DATA PROVIDED.
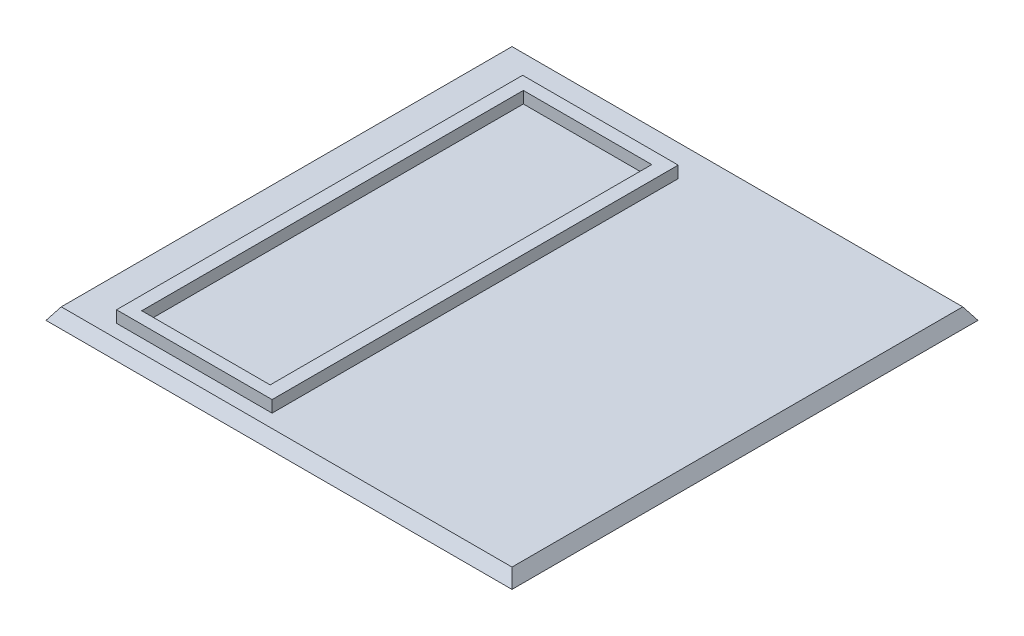
ISO-10303-21;
HEADER;
FILE_DESCRIPTION(('STEP AP214'),'2;1');
FILE_NAME('part.step','',(''),(''),'','','');
FILE_SCHEMA(('AUTOMOTIVE_DESIGN { 1 0 10303 214 1 1 1 1 }'));
ENDSEC;
DATA;
#1=APPLICATION_CONTEXT('core data for automotive mechanical design processes');
#2=APPLICATION_PROTOCOL_DEFINITION('international standard','automotive_design',2000,#1);
#3=PRODUCT_CONTEXT('',#1,'mechanical');
#4=PRODUCT('Part','Part','',(#3));
#5=PRODUCT_RELATED_PRODUCT_CATEGORY('part','',(#4));
#6=PRODUCT_DEFINITION_FORMATION('','',#4);
#7=PRODUCT_DEFINITION_CONTEXT('part definition',#1,'design');
#8=PRODUCT_DEFINITION('design','',#6,#7);
#9=PRODUCT_DEFINITION_SHAPE('','',#8);
#10=(LENGTH_UNIT() NAMED_UNIT(*) SI_UNIT(.MILLI.,.METRE.));
#11=(NAMED_UNIT(*) PLANE_ANGLE_UNIT() SI_UNIT($,.RADIAN.));
#12=(NAMED_UNIT(*) SI_UNIT($,.STERADIAN.) SOLID_ANGLE_UNIT());
#13=UNCERTAINTY_MEASURE_WITH_UNIT(LENGTH_MEASURE(1.E-05),#10,'distance_accuracy_value','');
#14=(GEOMETRIC_REPRESENTATION_CONTEXT(3) GLOBAL_UNCERTAINTY_ASSIGNED_CONTEXT((#13)) GLOBAL_UNIT_ASSIGNED_CONTEXT((#10,
#11,#12)) REPRESENTATION_CONTEXT('',''));
#15=CARTESIAN_POINT('',(0.,0.,0.));
#16=DIRECTION('',(0.,0.,1.));
#17=DIRECTION('',(1.,0.,0.));
#18=AXIS2_PLACEMENT_3D('',#15,#16,#17);
#19=CARTESIAN_POINT('',(-45.5658075441117,0.,-132.437465749095));
#20=DIRECTION('',(-0.838670567945423,0.544639035015028,0.));
#21=DIRECTION('',(-0.544639035015028,-0.838670567945423,0.));
#22=AXIS2_PLACEMENT_3D('',#19,#20,#21);
#23=PLANE('',#22);
#24=DIRECTION('',(0.,0.,1.));
#25=VECTOR('',#24,1.);
#26=CARTESIAN_POINT('',(-45.5658075441117,0.,-132.437465749095));
#27=LINE('',#26,#25);
#28=CARTESIAN_POINT('',(-45.5658075441117,0.,-132.437465749095));
#29=VERTEX_POINT('',#28);
#30=CARTESIAN_POINT('',(-45.5658075441117,0.,69.1750342509052));
#31=VERTEX_POINT('',#30);
#32=EDGE_CURVE('E230',#29,#31,#27,.T.);
#33=ORIENTED_EDGE('',*,*,#32,.T.);
#34=DIRECTION('',(-0.47830007689565,-0.736517530601431,0.47830007689565));
#35=VECTOR('',#34,1.);
#36=CARTESIAN_POINT('',(-45.5658075441117,0.,69.1750342509052));
#37=LINE('',#36,#35);
#38=CARTESIAN_POINT('',(-42.2668169706683,5.08,65.8760436774619));
#39=VERTEX_POINT('',#38);
#40=EDGE_CURVE('E12',#39,#31,#37,.T.);
#41=ORIENTED_EDGE('',*,*,#40,.F.);
#42=DIRECTION('',(0.,0.,-1.));
#43=VECTOR('',#42,1.);
#44=CARTESIAN_POINT('',(-42.2668169706683,5.08,-132.437465749095));
#45=LINE('',#44,#43);
#46=CARTESIAN_POINT('',(-42.2668169706683,5.08,-129.138475175651));
#47=VERTEX_POINT('',#46);
#48=EDGE_CURVE('E242',#47,#39,#45,.F.);
#49=ORIENTED_EDGE('',*,*,#48,.F.);
#50=DIRECTION('',(-0.47830007689565,-0.736517530601431,-0.47830007689565));
#51=VECTOR('',#50,1.);
#52=CARTESIAN_POINT('',(-45.5658075441117,0.,-132.437465749095));
#53=LINE('',#52,#51);
#54=EDGE_CURVE('E244',#47,#29,#53,.T.);
#55=ORIENTED_EDGE('',*,*,#54,.T.);
#56=EDGE_LOOP('',(#33,#41,#49,#55));
#57=FACE_BOUND('',#56,.T.);
#58=ADVANCED_FACE('F75',(#57),#23,.T.);
#59=CARTESIAN_POINT('',(-45.5658075441117,0.,69.1750342509052));
#60=DIRECTION('',(0.,0.544639035015028,0.838670567945423));
#61=DIRECTION('',(0.,-0.838670567945423,0.544639035015028));
#62=AXIS2_PLACEMENT_3D('',#59,#60,#61);
#63=PLANE('',#62);
#64=DIRECTION('',(1.,0.,0.));
#65=VECTOR('',#64,1.);
#66=CARTESIAN_POINT('',(-45.5658075441117,0.,69.1750342509052));
#67=LINE('',#66,#65);
#68=CARTESIAN_POINT('',(156.046692455888,0.,69.1750342509052));
#69=VERTEX_POINT('',#68);
#70=EDGE_CURVE('E237',#31,#69,#67,.T.);
#71=ORIENTED_EDGE('',*,*,#70,.T.);
#72=DIRECTION('',(0.47830007689565,-0.736517530601431,0.47830007689565));
#73=VECTOR('',#72,1.);
#74=CARTESIAN_POINT('',(109.923606565473,71.0233239856605,23.0519483604903));
#75=LINE('',#74,#73);
#76=CARTESIAN_POINT('',(152.747701882445,5.08,65.8760436774619));
#77=VERTEX_POINT('',#76);
#78=EDGE_CURVE('E84',#77,#69,#75,.T.);
#79=ORIENTED_EDGE('',*,*,#78,.F.);
#80=DIRECTION('',(-1.,0.,0.));
#81=VECTOR('',#80,1.);
#82=CARTESIAN_POINT('',(-45.5658075441117,5.08,65.8760436774619));
#83=LINE('',#82,#81);
#84=EDGE_CURVE('E254',#39,#77,#83,.F.);
#85=ORIENTED_EDGE('',*,*,#84,.F.);
#86=ORIENTED_EDGE('',*,*,#40,.T.);
#87=EDGE_LOOP('',(#71,#79,#85,#86));
#88=FACE_BOUND('',#87,.T.);
#89=ADVANCED_FACE('F77',(#88),#63,.T.);
#90=CARTESIAN_POINT('',(156.046692455888,0.,-132.437465749095));
#91=DIRECTION('',(0.838670567945423,0.544639035015028,0.));
#92=DIRECTION('',(-0.544639035015028,0.838670567945423,0.));
#93=AXIS2_PLACEMENT_3D('',#90,#91,#92);
#94=PLANE('',#93);
#95=DIRECTION('',(0.,0.,-1.));
#96=VECTOR('',#95,1.);
#97=CARTESIAN_POINT('',(156.046692455888,0.,-132.437465749095));
#98=LINE('',#97,#96);
#99=CARTESIAN_POINT('',(156.046692455888,0.,-132.437465749095));
#100=VERTEX_POINT('',#99);
#101=EDGE_CURVE('E239',#69,#100,#98,.T.);
#102=ORIENTED_EDGE('',*,*,#101,.T.);
#103=DIRECTION('',(0.47830007689565,-0.736517530601431,-0.47830007689565));
#104=VECTOR('',#103,1.);
#105=CARTESIAN_POINT('',(109.923606565473,71.0233239856605,-86.3143798586798));
#106=LINE('',#105,#104);
#107=CARTESIAN_POINT('',(152.747701882445,5.08,-129.138475175651));
#108=VERTEX_POINT('',#107);
#109=EDGE_CURVE('E247',#108,#100,#106,.T.);
#110=ORIENTED_EDGE('',*,*,#109,.F.);
#111=DIRECTION('',(0.,0.,1.));
#112=VECTOR('',#111,1.);
#113=CARTESIAN_POINT('',(152.747701882445,5.08,-132.437465749095));
#114=LINE('',#113,#112);
#115=EDGE_CURVE('E255',#77,#108,#114,.F.);
#116=ORIENTED_EDGE('',*,*,#115,.F.);
#117=ORIENTED_EDGE('',*,*,#78,.T.);
#118=EDGE_LOOP('',(#102,#110,#116,#117));
#119=FACE_BOUND('',#118,.T.);
#120=ADVANCED_FACE('F273',(#119),#94,.T.);
#121=CARTESIAN_POINT('',(-45.5658075441117,0.,-132.437465749095));
#122=DIRECTION('',(0.,0.544639035015028,-0.838670567945423));
#123=DIRECTION('',(0.,0.838670567945423,0.544639035015028));
#124=AXIS2_PLACEMENT_3D('',#121,#122,#123);
#125=PLANE('',#124);
#126=DIRECTION('',(-1.,0.,0.));
#127=VECTOR('',#126,1.);
#128=CARTESIAN_POINT('',(-45.5658075441117,0.,-132.437465749095));
#129=LINE('',#128,#127);
#130=EDGE_CURVE('E241',#100,#29,#129,.T.);
#131=ORIENTED_EDGE('',*,*,#130,.T.);
#132=ORIENTED_EDGE('',*,*,#54,.F.);
#133=DIRECTION('',(1.,0.,0.));
#134=VECTOR('',#133,1.);
#135=CARTESIAN_POINT('',(-45.5658075441117,5.08,-129.138475175651));
#136=LINE('',#135,#134);
#137=EDGE_CURVE('E79',#108,#47,#136,.F.);
#138=ORIENTED_EDGE('',*,*,#137,.F.);
#139=ORIENTED_EDGE('',*,*,#109,.T.);
#140=EDGE_LOOP('',(#131,#132,#138,#139));
#141=FACE_BOUND('',#140,.T.);
#142=ADVANCED_FACE('F265',(#141),#125,.T.);
#143=CARTESIAN_POINT('',(0.,5.08,0.));
#144=DIRECTION('',(0.,1.,0.));
#145=DIRECTION('',(0.,0.,1.));
#146=AXIS2_PLACEMENT_3D('',#143,#144,#145);
#147=PLANE('',#146);
#148=DIRECTION('',(1.,0.,0.));
#149=VECTOR('',#148,1.);
#150=CARTESIAN_POINT('',(0.,5.08,-115.607695066937));
#151=LINE('',#150,#149);
#152=CARTESIAN_POINT('',(-24.13,5.08,-115.607695066937));
#153=VERTEX_POINT('',#152);
#154=CARTESIAN_POINT('',(43.18,5.08,-115.607695066937));
#155=VERTEX_POINT('',#154);
#156=EDGE_CURVE('E201',#153,#155,#151,.T.);
#157=ORIENTED_EDGE('',*,*,#156,.T.);
#158=DIRECTION('',(0.,0.,1.));
#159=VECTOR('',#158,1.);
#160=CARTESIAN_POINT('',(43.18,5.08,0.));
#161=LINE('',#160,#159);
#162=CARTESIAN_POINT('',(43.18,5.08,60.1010530598857));
#163=VERTEX_POINT('',#162);
#164=EDGE_CURVE('E170',#155,#163,#161,.T.);
#165=ORIENTED_EDGE('',*,*,#164,.T.);
#166=DIRECTION('',(1.,0.,0.));
#167=VECTOR('',#166,1.);
#168=CARTESIAN_POINT('',(0.,5.08,60.1010530598857));
#169=LINE('',#168,#167);
#170=CARTESIAN_POINT('',(-24.13,5.08,60.1010530598857));
#171=VERTEX_POINT('',#170);
#172=EDGE_CURVE('E97',#171,#163,#169,.T.);
#173=ORIENTED_EDGE('',*,*,#172,.F.);
#174=DIRECTION('',(0.,0.,1.));
#175=VECTOR('',#174,1.);
#176=CARTESIAN_POINT('',(-24.13,5.08,0.));
#177=LINE('',#176,#175);
#178=EDGE_CURVE('E92',#153,#171,#177,.T.);
#179=ORIENTED_EDGE('',*,*,#178,.F.);
#180=EDGE_LOOP('',(#157,#165,#173,#179));
#181=FACE_BOUND('',#180,.T.);
#182=ORIENTED_EDGE('',*,*,#48,.T.);
#183=ORIENTED_EDGE('',*,*,#84,.T.);
#184=ORIENTED_EDGE('',*,*,#115,.T.);
#185=ORIENTED_EDGE('',*,*,#137,.T.);
#186=EDGE_LOOP('',(#182,#183,#184,#185));
#187=FACE_BOUND('',#186,.T.);
#188=ADVANCED_FACE('F261',(#181,#187),#147,.T.);
#189=CARTESIAN_POINT('',(0.,0.,0.));
#190=DIRECTION('',(0.,1.,0.));
#191=DIRECTION('',(0.,0.,1.));
#192=AXIS2_PLACEMENT_3D('',#189,#190,#191);
#193=PLANE('',#192);
#194=ORIENTED_EDGE('',*,*,#32,.F.);
#195=ORIENTED_EDGE('',*,*,#130,.F.);
#196=ORIENTED_EDGE('',*,*,#101,.F.);
#197=ORIENTED_EDGE('',*,*,#70,.F.);
#198=EDGE_LOOP('',(#194,#195,#196,#197));
#199=FACE_BOUND('',#198,.T.);
#200=ADVANCED_FACE('F275',(#199),#193,.F.);
#201=CARTESIAN_POINT('',(0.,10.16,-115.607695066937));
#202=DIRECTION('',(0.,0.,-1.));
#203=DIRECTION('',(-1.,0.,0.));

AIM OF THE TASK.
Reproduce, exactly and only, the lines running from the one with "#189=CARTESIAN_POINT('',(0.,0.,0.));" to the end of the listing above.

EXERCISE RESULT.
#189=CARTESIAN_POINT('',(0.,0.,0.));
#190=DIRECTION('',(0.,1.,0.));
#191=DIRECTION('',(0.,0.,1.));
#192=AXIS2_PLACEMENT_3D('',#189,#190,#191);
#193=PLANE('',#192);
#194=ORIENTED_EDGE('',*,*,#32,.F.);
#195=ORIENTED_EDGE('',*,*,#130,.F.);
#196=ORIENTED_EDGE('',*,*,#101,.F.);
#197=ORIENTED_EDGE('',*,*,#70,.F.);
#198=EDGE_LOOP('',(#194,#195,#196,#197));
#199=FACE_BOUND('',#198,.T.);
#200=ADVANCED_FACE('F275',(#199),#193,.F.);
#201=CARTESIAN_POINT('',(0.,10.16,-115.607695066937));
#202=DIRECTION('',(0.,0.,-1.));
#203=DIRECTION('',(-1.,0.,0.));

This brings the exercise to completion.